ともかくちょっとした雑談を終えて、いよいよ本題である。
「それで、わざわざルデクまでどうしたんですか?」
僕の再度の質問に、ロカビルは一度紅茶で喉を湿らせてから、ため息と共に言葉をこぼす。
「暇になったのを良いことに、父上が面倒な事を言い始めた」
「面倒な事?」
うちの双子と同じように、大きな問題児たる存在が陛下である。非常に厄介な予感しかしない。
「ああ。端的に背景を話せば、『ロアばかり楽しげな催し物を行なってずるい』と仰い始めた」
「あー」
いい歳をした陛下が、口を尖らせる姿が想像できる。
「いや、別に僕は、祭りが好きというわけではないですが……」
「それはそうかもしれんが、ロアは多くの催しを手掛け、そして成功させている。それが父上としては面白くないらしい。これまでは忙しく手が回らなかったが、引退した今なら、と」
なんという子供っぽい理由。
「でも、中には持ち回りにした催しもあるじゃないですか? 競い馬とか」
「ああ。しかしそれらがすべてロアの発案である事も気に入らないと。何か、ルデクでは開催した事のない祭りをやりたいとの仰せなのだ」
「……まさかとは思いますが、僕に何か考えろと言うのではないですよね?」
さすがにそれは遠慮願いたい。僕だって暇ではないのである。けれど、ロカビルはそれを否定。

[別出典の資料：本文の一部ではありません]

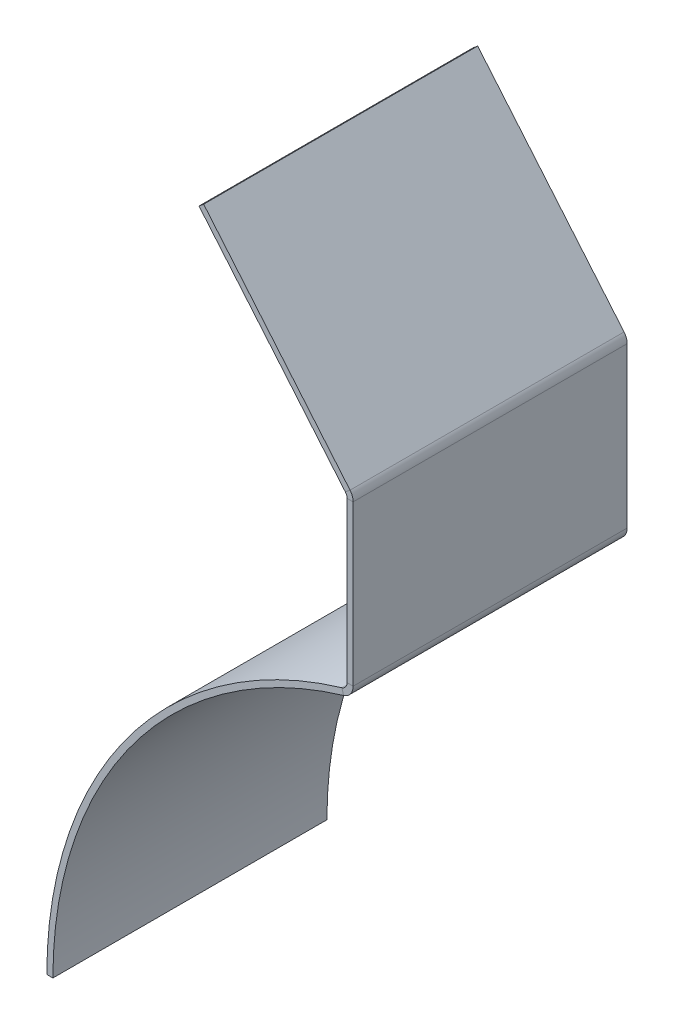
ISO-10303-21;
HEADER;
FILE_DESCRIPTION(('STEP AP214'),'2;1');
FILE_NAME('part.step','',(''),(''),'','','');
FILE_SCHEMA(('AUTOMOTIVE_DESIGN { 1 0 10303 214 1 1 1 1 }'));
ENDSEC;
DATA;
#1=APPLICATION_CONTEXT('core data for automotive mechanical design processes');
#2=APPLICATION_PROTOCOL_DEFINITION('international standard','automotive_design',2000,#1);
#3=PRODUCT_CONTEXT('',#1,'mechanical');
#4=PRODUCT('Part','Part','',(#3));
#5=PRODUCT_RELATED_PRODUCT_CATEGORY('part','',(#4));
#6=PRODUCT_DEFINITION_FORMATION('','',#4);
#7=PRODUCT_DEFINITION_CONTEXT('part definition',#1,'design');
#8=PRODUCT_DEFINITION('design','',#6,#7);
#9=PRODUCT_DEFINITION_SHAPE('','',#8);
#10=(LENGTH_UNIT() NAMED_UNIT(*) SI_UNIT(.MILLI.,.METRE.));
#11=(NAMED_UNIT(*) PLANE_ANGLE_UNIT() SI_UNIT($,.RADIAN.));
#12=(NAMED_UNIT(*) SI_UNIT($,.STERADIAN.) SOLID_ANGLE_UNIT());
#13=UNCERTAINTY_MEASURE_WITH_UNIT(LENGTH_MEASURE(1.E-05),#10,'distance_accuracy_value','');
#14=(GEOMETRIC_REPRESENTATION_CONTEXT(3) GLOBAL_UNCERTAINTY_ASSIGNED_CONTEXT((#13)) GLOBAL_UNIT_ASSIGNED_CONTEXT((#10,
#11,#12)) REPRESENTATION_CONTEXT('',''));
#15=CARTESIAN_POINT('',(0.,0.,0.));
#16=DIRECTION('',(0.,0.,1.));
#17=DIRECTION('',(1.,0.,0.));
#18=AXIS2_PLACEMENT_3D('',#15,#16,#17);
#19=CARTESIAN_POINT('',(-46.6343359967597,173.610704407755,0.));
#20=DIRECTION('',(0.,0.,-1.));
#21=DIRECTION('',(-1.,0.,0.));
#22=AXIS2_PLACEMENT_3D('',#19,#20,#21);
#23=PLANE('',#22);
#24=DIRECTION('',(-2.70456049815286E-05,0.999999999634268,0.));
#25=VECTOR('',#24,1.);
#26=CARTESIAN_POINT('',(-49.2864988407369,0.674769126515573,0.));
#27=LINE('',#26,#25);
#28=CARTESIAN_POINT('',(-49.2931259037528,245.707668850982,0.));
#29=VERTEX_POINT('',#28);
#30=CARTESIAN_POINT('',(-49.2912400011612,175.977204615524,0.));
#31=VERTEX_POINT('',#30);
#32=EDGE_CURVE('E265',#29,#31,#27,.F.);
#33=ORIENTED_EDGE('',*,*,#32,.F.);
#34=DIRECTION('',(0.999999999634268,2.70456049856609E-05,0.));
#35=VECTOR('',#34,1.);
#36=CARTESIAN_POINT('',(-49.2931259037528,245.707668850982,0.));
#37=LINE('',#36,#35);
#38=CARTESIAN_POINT('',(-46.6362859047245,245.707740706827,0.));
#39=VERTEX_POINT('',#38);
#40=EDGE_CURVE('E235',#29,#39,#37,.T.);
#41=ORIENTED_EDGE('',*,*,#40,.T.);
#42=DIRECTION('',(2.70456049815286E-05,-0.999999999634268,0.));
#43=VECTOR('',#42,1.);
#44=CARTESIAN_POINT('',(-46.6343359967597,173.610704407755,0.));
#45=LINE('',#44,#43);
#46=CARTESIAN_POINT('',(-46.6344000021329,175.977276471369,0.));
#47=VERTEX_POINT('',#46);
#48=EDGE_CURVE('E257',#39,#47,#45,.T.);
#49=ORIENTED_EDGE('',*,*,#48,.T.);
#50=DIRECTION('',(0.999999999634268,2.70456049815286E-05,0.));
#51=VECTOR('',#50,1.);
#52=CARTESIAN_POINT('',(-49.2912400011612,175.977204615524,0.));
#53=LINE('',#52,#51);
#54=EDGE_CURVE('E276',#31,#47,#53,.T.);
#55=ORIENTED_EDGE('',*,*,#54,.F.);
#56=EDGE_LOOP('',(#33,#41,#49,#55));
#57=FACE_BOUND('',#56,.T.);
#58=ADVANCED_FACE('F81',(#57),#23,.T.);
#59=CARTESIAN_POINT('',(-46.6296588417086,0.674840982360713,0.));
#60=DIRECTION('',(0.999999999634268,2.70456049815286E-05,0.));
#61=DIRECTION('',(-2.70456049815286E-05,0.999999999634268,0.));
#62=AXIS2_PLACEMENT_3D('',#59,#60,#61);
#63=PLANE('',#62);
#64=ORIENTED_EDGE('',*,*,#48,.F.);
#65=DIRECTION('',(0.,0.,-1.));
#66=VECTOR('',#65,1.);
#67=CARTESIAN_POINT('',(-46.6362859047245,245.707740706827,0.));
#68=LINE('',#67,#66);
#69=CARTESIAN_POINT('',(-46.6362859047245,245.707740706827,119.6975));
#70=VERTEX_POINT('',#69);
#71=EDGE_CURVE('E228',#39,#70,#68,.F.);
#72=ORIENTED_EDGE('',*,*,#71,.T.);
#73=DIRECTION('',(-2.70456049815286E-05,0.999999999634268,0.));
#74=VECTOR('',#73,1.);
#75=CARTESIAN_POINT('',(-46.636343312163,247.830356877054,119.6975));
#76=LINE('',#75,#74);
#77=CARTESIAN_POINT('',(-46.6344000021329,175.977276471369,119.6975));
#78=VERTEX_POINT('',#77);
#79=EDGE_CURVE('E261',#78,#70,#76,.T.);
#80=ORIENTED_EDGE('',*,*,#79,.F.);
#81=DIRECTION('',(0.,0.,-1.));
#82=VECTOR('',#81,1.);
#83=CARTESIAN_POINT('',(-46.6344000021329,175.977276471369,0.));
#84=LINE('',#83,#82);
#85=EDGE_CURVE('E272',#78,#47,#84,.T.);
#86=ORIENTED_EDGE('',*,*,#85,.T.);
#87=EDGE_LOOP('',(#64,#72,#80,#86));
#88=FACE_BOUND('',#87,.T.);
#89=ADVANCED_FACE('F369',(#88),#63,.T.);
#90=CARTESIAN_POINT('',(-49.2864988407369,0.674769126515573,0.));
#91=DIRECTION('',(0.999999999634268,2.70456049815286E-05,0.));
#92=DIRECTION('',(-2.70456049815286E-05,0.999999999634268,0.));
#93=AXIS2_PLACEMENT_3D('',#90,#91,#92);
#94=PLANE('',#93);
#95=DIRECTION('',(0.,0.,-1.));
#96=VECTOR('',#95,1.);
#97=CARTESIAN_POINT('',(-49.2931259037528,245.707668850982,0.));
#98=LINE('',#97,#96);
#99=CARTESIAN_POINT('',(-49.2931259037528,245.707668850982,119.6975));
#100=VERTEX_POINT('',#99);
#101=EDGE_CURVE('E243',#29,#100,#98,.F.);
#102=ORIENTED_EDGE('',*,*,#101,.F.);
#103=ORIENTED_EDGE('',*,*,#32,.T.);
#104=DIRECTION('',(0.,0.,1.));
#105=VECTOR('',#104,1.);
#106=CARTESIAN_POINT('',(-49.2912400011612,175.977204615524,119.6975));
#107=LINE('',#106,#105);
#108=CARTESIAN_POINT('',(-49.2912400011612,175.977204615524,119.6975));
#109=VERTEX_POINT('',#108);
#110=EDGE_CURVE('E280',#109,#31,#107,.F.);
#111=ORIENTED_EDGE('',*,*,#110,.F.);
#112=DIRECTION('',(2.70456049815286E-05,-0.999999999634268,0.));
#113=VECTOR('',#112,1.);
#114=CARTESIAN_POINT('',(-49.2864988407369,0.674769126515596,119.6975));
#115=LINE('',#114,#113);
#116=EDGE_CURVE('E268',#109,#100,#115,.F.);
#117=ORIENTED_EDGE('',*,*,#116,.T.);
#118=EDGE_LOOP('',(#102,#103,#111,#117));
#119=FACE_BOUND('',#118,.T.);
#120=ADVANCED_FACE('F358',(#119),#94,.F.);
#121=CARTESIAN_POINT('',(0.,0.,119.6975));
#122=DIRECTION('',(0.,0.,-1.));
#123=DIRECTION('',(-1.,0.,0.));
#124=AXIS2_PLACEMENT_3D('',#121,#122,#123);
#125=CYLINDRICAL_SURFACE('',#124,180.45684);
#126=CARTESIAN_POINT('',(0.,0.,0.));
#127=DIRECTION('',(0.,0.,1.));
#128=DIRECTION('',(1.,0.,0.));
#129=AXIS2_PLACEMENT_3D('',#126,#127,#128);
#130=CIRCLE('',#129,180.45684);
#131=CARTESIAN_POINT('',(-51.5590971428571,172.934469104916,0.));
#132=VERTEX_POINT('',#131);
#133=CARTESIAN_POINT('',(-180.45684,0.,0.));
#134=VERTEX_POINT('',#133);
#135=EDGE_CURVE('E291',#132,#134,#130,.T.);
#136=ORIENTED_EDGE('',*,*,#135,.T.);
#137=DIRECTION('',(0.,0.,-1.));
#138=VECTOR('',#137,1.);
#139=CARTESIAN_POINT('',(-180.45684,0.,119.6975));
#140=LINE('',#139,#138);
#141=CARTESIAN_POINT('',(-180.45684,0.,119.6975));
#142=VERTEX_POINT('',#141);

「いや、そうではない。それでは結局、ロアが考えた催しになってしまう」
「あ、それもそうですね。では……」
「すでに開催させる題目は父上が決められた。そして今回訪れたのは、貴殿にも参加を頼みたい事と、貴殿を見込んで協力してもらいたいためなのだ」
「協力は分かりますが、参加?」
なんだろう? 合同演習でも行うつもりだろうか?
ロカビルは、帝国印の入った正式な書類を恭しく僕に手渡す。
「この度、我がグリードル帝国では、盤上遊戯の大陸一を決めるための大会を催したいと思う。ひいては、ルデクでも指折りの腕を持つ宰相、ロア=シュタイン殿を是非とも大会に招待したい。また、併せてルデクにいる盤上遊戯の名手を、貴殿に推薦してもらいたく、お願い申し上げる」
そうきたか。
面倒ではあるけれど、それは確かに面白そうだ。陛下の勝ち誇った顔が目に浮かぶ。
悔しいけれど、ロカビルの話を聞いて、僕は少しだけワクワクしたのであった。